Карусель сезонов, отыграв положенную траекторию, остановилась. Минорная символика осени медленно пожиралась огромной ненасытной пастью земли, дробилась на артефакты и навсегда исчезала в глубинах её утробы. Все остальные экспонаты обезличивались и немели, надевали на себя восковую маску сакраментальности, постигали высшую мудрость бытия и было непонятно, какая первопричина руководила ими. Скорбь эта, как на ликах святых мучеников, проступала в унылой серости стен домов, ужасающей бесплодности почвы и молчаливости улиц. Последнее удручало больше, инстинктивно ощущаясь как признак чего-то первоначального и фундаментального. Даже своры воронов не срывались остервенело кружиться в свойственной им манере коллективного пещерного галдежа – смеси разбойнического гиканья, первобытных гортанных звуков и ругани на своём тарабарском, притихшие и сконфуженные, само смирение, они сидели, пряча маленькие головы в антрацит перламутровых тушек, сливаясь с хмурым небом, сутулившись, словно домашние куры на верхних ярусах сарая и изредка меж собой переговаривались, скорее больше для проформы, лишь подтверждая своё повиновение и лояльность. Кроткий вид этих свирепых пернатых флибустьеров делал их комичными и выглядел как фарс, глупое паясничанье, клоунада, но в то же время сам факт капитуляции был грозным предупреждением для всей фауны ареала – сомнений больше нет, наступила пора большого холода.
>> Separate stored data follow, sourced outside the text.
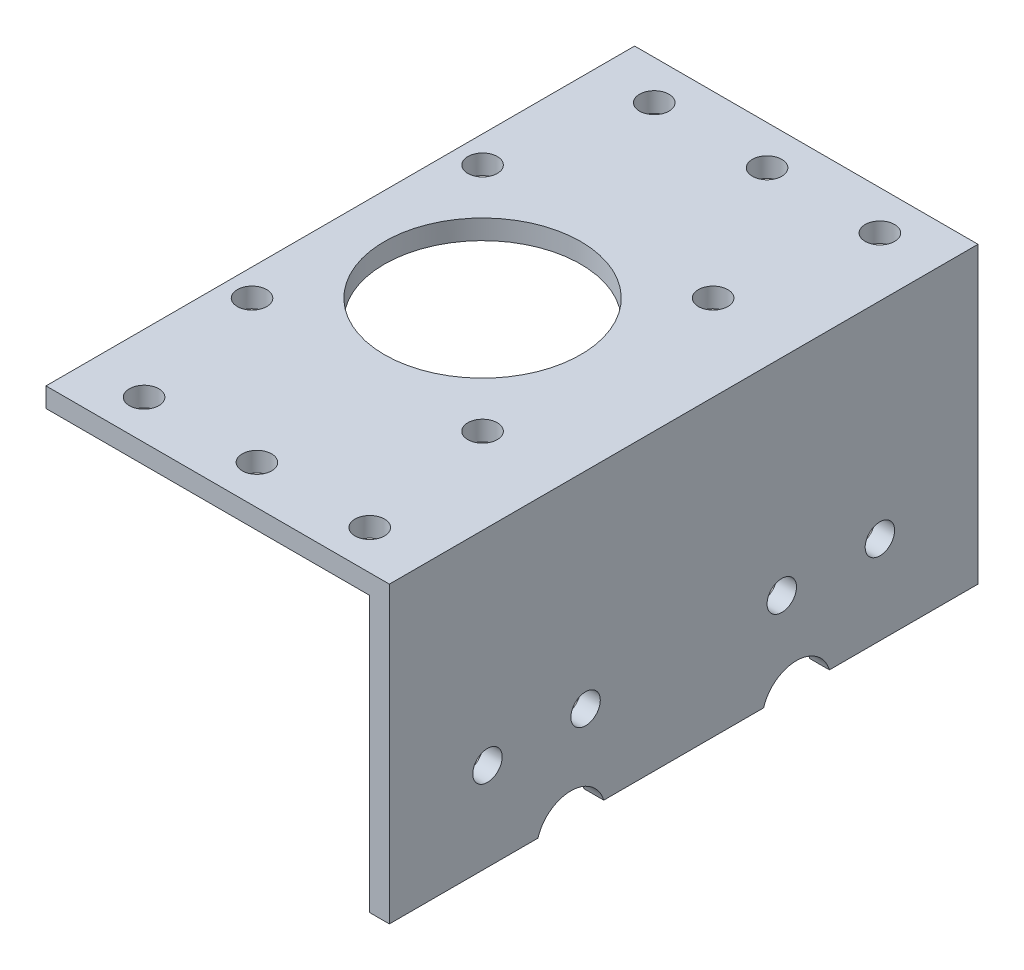
ISO-10303-21;
HEADER;
FILE_DESCRIPTION(('STEP AP214'),'2;1');
FILE_NAME('part.step','',(''),(''),'','','');
FILE_SCHEMA(('AUTOMOTIVE_DESIGN { 1 0 10303 214 1 1 1 1 }'));
ENDSEC;
DATA;
#1=APPLICATION_CONTEXT('core data for automotive mechanical design processes');
#2=APPLICATION_PROTOCOL_DEFINITION('international standard','automotive_design',2000,#1);
#3=PRODUCT_CONTEXT('',#1,'mechanical');
#4=PRODUCT('Part','Part','',(#3));
#5=PRODUCT_RELATED_PRODUCT_CATEGORY('part','',(#4));
#6=PRODUCT_DEFINITION_FORMATION('','',#4);
#7=PRODUCT_DEFINITION_CONTEXT('part definition',#1,'design');
#8=PRODUCT_DEFINITION('design','',#6,#7);
#9=PRODUCT_DEFINITION_SHAPE('','',#8);
#10=(LENGTH_UNIT() NAMED_UNIT(*) SI_UNIT(.MILLI.,.METRE.));
#11=(NAMED_UNIT(*) PLANE_ANGLE_UNIT() SI_UNIT($,.RADIAN.));
#12=(NAMED_UNIT(*) SI_UNIT($,.STERADIAN.) SOLID_ANGLE_UNIT());
#13=UNCERTAINTY_MEASURE_WITH_UNIT(LENGTH_MEASURE(1.E-05),#10,'distance_accuracy_value','');
#14=(GEOMETRIC_REPRESENTATION_CONTEXT(3) GLOBAL_UNCERTAINTY_ASSIGNED_CONTEXT((#13)) GLOBAL_UNIT_ASSIGNED_CONTEXT((#10,
#11,#12)) REPRESENTATION_CONTEXT('',''));
#15=CARTESIAN_POINT('',(0.,0.,0.));
#16=DIRECTION('',(0.,0.,1.));
#17=DIRECTION('',(1.,0.,0.));
#18=AXIS2_PLACEMENT_3D('',#15,#16,#17);
#19=CARTESIAN_POINT('',(0.,-60.,60.));
#20=DIRECTION('',(0.,1.,0.));
#21=DIRECTION('',(0.,0.,1.));
#22=AXIS2_PLACEMENT_3D('',#19,#20,#21);
#23=PLANE('',#22);
#24=DIRECTION('',(0.,0.,-1.));
#25=VECTOR('',#24,1.);
#26=CARTESIAN_POINT('',(-3.99999999999999,-60.,60.));
#27=LINE('',#26,#25);
#28=CARTESIAN_POINT('',(-3.99999999999999,-60.,16.2917960675006));
#29=VERTEX_POINT('',#28);
#30=CARTESIAN_POINT('',(-3.99999999999999,-60.,-16.2917960675006));
#31=VERTEX_POINT('',#30);
#32=EDGE_CURVE('E134',#29,#31,#27,.T.);
#33=ORIENTED_EDGE('',*,*,#32,.T.);
#34=DIRECTION('',(1.,0.,0.));
#35=VECTOR('',#34,1.);
#36=CARTESIAN_POINT('',(-9.99999999999999,-60.,-16.2917960675006));
#37=LINE('',#36,#35);
#38=CARTESIAN_POINT('',(0.,-60.,-16.2917960675006));
#39=VERTEX_POINT('',#38);
#40=EDGE_CURVE('E228',#31,#39,#37,.T.);
#41=ORIENTED_EDGE('',*,*,#40,.T.);
#42=DIRECTION('',(0.,0.,-1.));
#43=VECTOR('',#42,1.);
#44=CARTESIAN_POINT('',(0.,-60.,60.));
#45=LINE('',#44,#43);
#46=CARTESIAN_POINT('',(0.,-60.,16.2917960675006));
#47=VERTEX_POINT('',#46);
#48=EDGE_CURVE('E131',#47,#39,#45,.T.);
#49=ORIENTED_EDGE('',*,*,#48,.F.);
#50=DIRECTION('',(1.,0.,0.));
#51=VECTOR('',#50,1.);
#52=CARTESIAN_POINT('',(-9.99999999999999,-60.,16.2917960675006));
#53=LINE('',#52,#51);
#54=EDGE_CURVE('E54',#47,#29,#53,.F.);
#55=ORIENTED_EDGE('',*,*,#54,.T.);
#56=EDGE_LOOP('',(#33,#41,#49,#55));
#57=FACE_BOUND('',#56,.T.);
#58=ADVANCED_FACE('F32',(#57),#23,.F.);
#59=CARTESIAN_POINT('',(-3.99999999999999,-60.,60.));
#60=VERTEX_POINT('',#59);
#61=CARTESIAN_POINT('',(-3.99999999999999,-60.,29.7082039324994));
#62=VERTEX_POINT('',#61);
#63=EDGE_CURVE('E124',#60,#62,#27,.T.);
#64=ORIENTED_EDGE('',*,*,#63,.T.);
#65=DIRECTION('',(1.,0.,0.));
#66=VECTOR('',#65,1.);
#67=CARTESIAN_POINT('',(-9.99999999999999,-60.,29.7082039324994));
#68=LINE('',#67,#66);
#69=CARTESIAN_POINT('',(0.,-60.,29.7082039324994));
#70=VERTEX_POINT('',#69);
#71=EDGE_CURVE('E108',#62,#70,#68,.T.);
#72=ORIENTED_EDGE('',*,*,#71,.T.);
#73=CARTESIAN_POINT('',(0.,-60.,60.));
#74=VERTEX_POINT('',#73);
#75=EDGE_CURVE('E121',#74,#70,#45,.T.);
#76=ORIENTED_EDGE('',*,*,#75,.F.);
#77=DIRECTION('',(1.,0.,0.));
#78=VECTOR('',#77,1.);
#79=CARTESIAN_POINT('',(0.,-60.,60.));
#80=LINE('',#79,#78);
#81=EDGE_CURVE('E167',#60,#74,#80,.T.);
#82=ORIENTED_EDGE('',*,*,#81,.F.);
#83=EDGE_LOOP('',(#64,#72,#76,#82));
#84=FACE_BOUND('',#83,.T.);
#85=ADVANCED_FACE('F119',(#84),#23,.F.);
#86=CARTESIAN_POINT('',(-70.,-4.,60.));
#87=DIRECTION('',(1.,0.,0.));
#88=DIRECTION('',(0.,0.,-1.));
#89=AXIS2_PLACEMENT_3D('',#86,#87,#88);
#90=PLANE('',#89);
#91=DIRECTION('',(0.,-1.,0.));
#92=VECTOR('',#91,1.);
#93=CARTESIAN_POINT('',(-70.,-4.,-60.));
#94=LINE('',#93,#92);
#95=CARTESIAN_POINT('',(-70.,0.,-60.));
#96=VERTEX_POINT('',#95);
#97=CARTESIAN_POINT('',(-70.,-4.,-60.));
#98=VERTEX_POINT('',#97);
#99=EDGE_CURVE('E161',#96,#98,#94,.T.);
#100=ORIENTED_EDGE('',*,*,#99,.T.);
#101=DIRECTION('',(0.,0.,-1.));
#102=VECTOR('',#101,1.);
#103=CARTESIAN_POINT('',(-70.,-4.,60.));
#104=LINE('',#103,#102);
#105=CARTESIAN_POINT('',(-70.,-4.,60.));
#106=VERTEX_POINT('',#105);
#107=EDGE_CURVE('E40',#106,#98,#104,.T.);
#108=ORIENTED_EDGE('',*,*,#107,.F.);
#109=DIRECTION('',(0.,-1.,0.));
#110=VECTOR('',#109,1.);
#111=CARTESIAN_POINT('',(-70.,-4.,60.));
#112=LINE('',#111,#110);
#113=CARTESIAN_POINT('',(-70.,0.,60.));
#114=VERTEX_POINT('',#113);
#115=EDGE_CURVE('E151',#114,#106,#112,.T.);
#116=ORIENTED_EDGE('',*,*,#115,.F.);
#117=DIRECTION('',(0.,0.,-1.));
#118=VECTOR('',#117,1.);
#119=CARTESIAN_POINT('',(-70.,0.,60.));
#120=LINE('',#119,#118);
#121=EDGE_CURVE('E141',#114,#96,#120,.T.);
#122=ORIENTED_EDGE('',*,*,#121,.T.);
#123=EDGE_LOOP('',(#100,#108,#116,#122));
#124=FACE_BOUND('',#123,.T.);
#125=ADVANCED_FACE('F34',(#124),#90,.F.);
#126=CARTESIAN_POINT('',(-3.99999999999999,-3.99999999999999,60.));
#127=DIRECTION('',(0.,1.,0.));
#128=DIRECTION('',(-1.,0.,0.));
#129=AXIS2_PLACEMENT_3D('',#126,#127,#128);
#130=PLANE('',#129);
#131=CARTESIAN_POINT('',(-35.,-3.99999999999999,52.));
#132=DIRECTION('',(0.,1.,0.));
#133=DIRECTION('',(-1.,0.,0.));
#134=AXIS2_PLACEMENT_3D('',#131,#132,#133);
#135=CIRCLE('',#134,3.);
#136=CARTESIAN_POINT('',(-38.,-4.,52.));
#137=VERTEX_POINT('',#136);
#138=EDGE_CURVE('E114',#137,#137,#135,.T.);
#139=ORIENTED_EDGE('',*,*,#138,.T.);
#140=EDGE_LOOP('',(#139));
#141=FACE_BOUND('',#140,.T.);
#142=CARTESIAN_POINT('',(-12.,-3.99999999999999,52.));
#143=DIRECTION('',(0.,1.,0.));
#144=DIRECTION('',(-1.,0.,0.));
#145=AXIS2_PLACEMENT_3D('',#142,#143,#144);
#146=CIRCLE('',#145,3.);
#147=CARTESIAN_POINT('',(-15.,-3.99999999999999,52.));
#148=VERTEX_POINT('',#147);
#149=EDGE_CURVE('E239',#148,#148,#146,.T.);
#150=ORIENTED_EDGE('',*,*,#149,.T.);
#151=EDGE_LOOP('',(#150));
#152=FACE_BOUND('',#151,.T.);
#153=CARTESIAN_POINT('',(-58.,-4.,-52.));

Этот зверь, одержимый идеей мирового господства, невидимый, жестокий и вездесущий, словно дьявол, рыскал по закоулкам и подворотням, поднимая полы воздушной мантии, проникал в щели, разломы и трещины, нещадно кусал иголками, врывался в дома шипящим фантомом стужи, смердил пространство абсолютизмом своей природы, пытаясь во что бы ни стало утвердить паритет с ненавистным ему теплом. Юдоль давно постигла сущность его злобы и избегала встреч с ним, опрометчиво затяжных и неподготовленных. Тем не менее таковые имели место и городские легенды каждый день обрастали шелухой страшилок про его проказы, апофеозом которых стала история про старый канал – однажды утром он попросту исчез... Могучий, как Прометей, летом, он изрядно обмелел к осени, но сейчас и вовсе перестал течь, затвердел и скукожился в длинный извилистый скользкий жгут, к визгливому восторгу детской части населения. Похоже, он всё же сопротивлялся – поверхность его была местами неровная, с каскадом из покатых холмиков замерших волн, слабых, разочарованных и уставших…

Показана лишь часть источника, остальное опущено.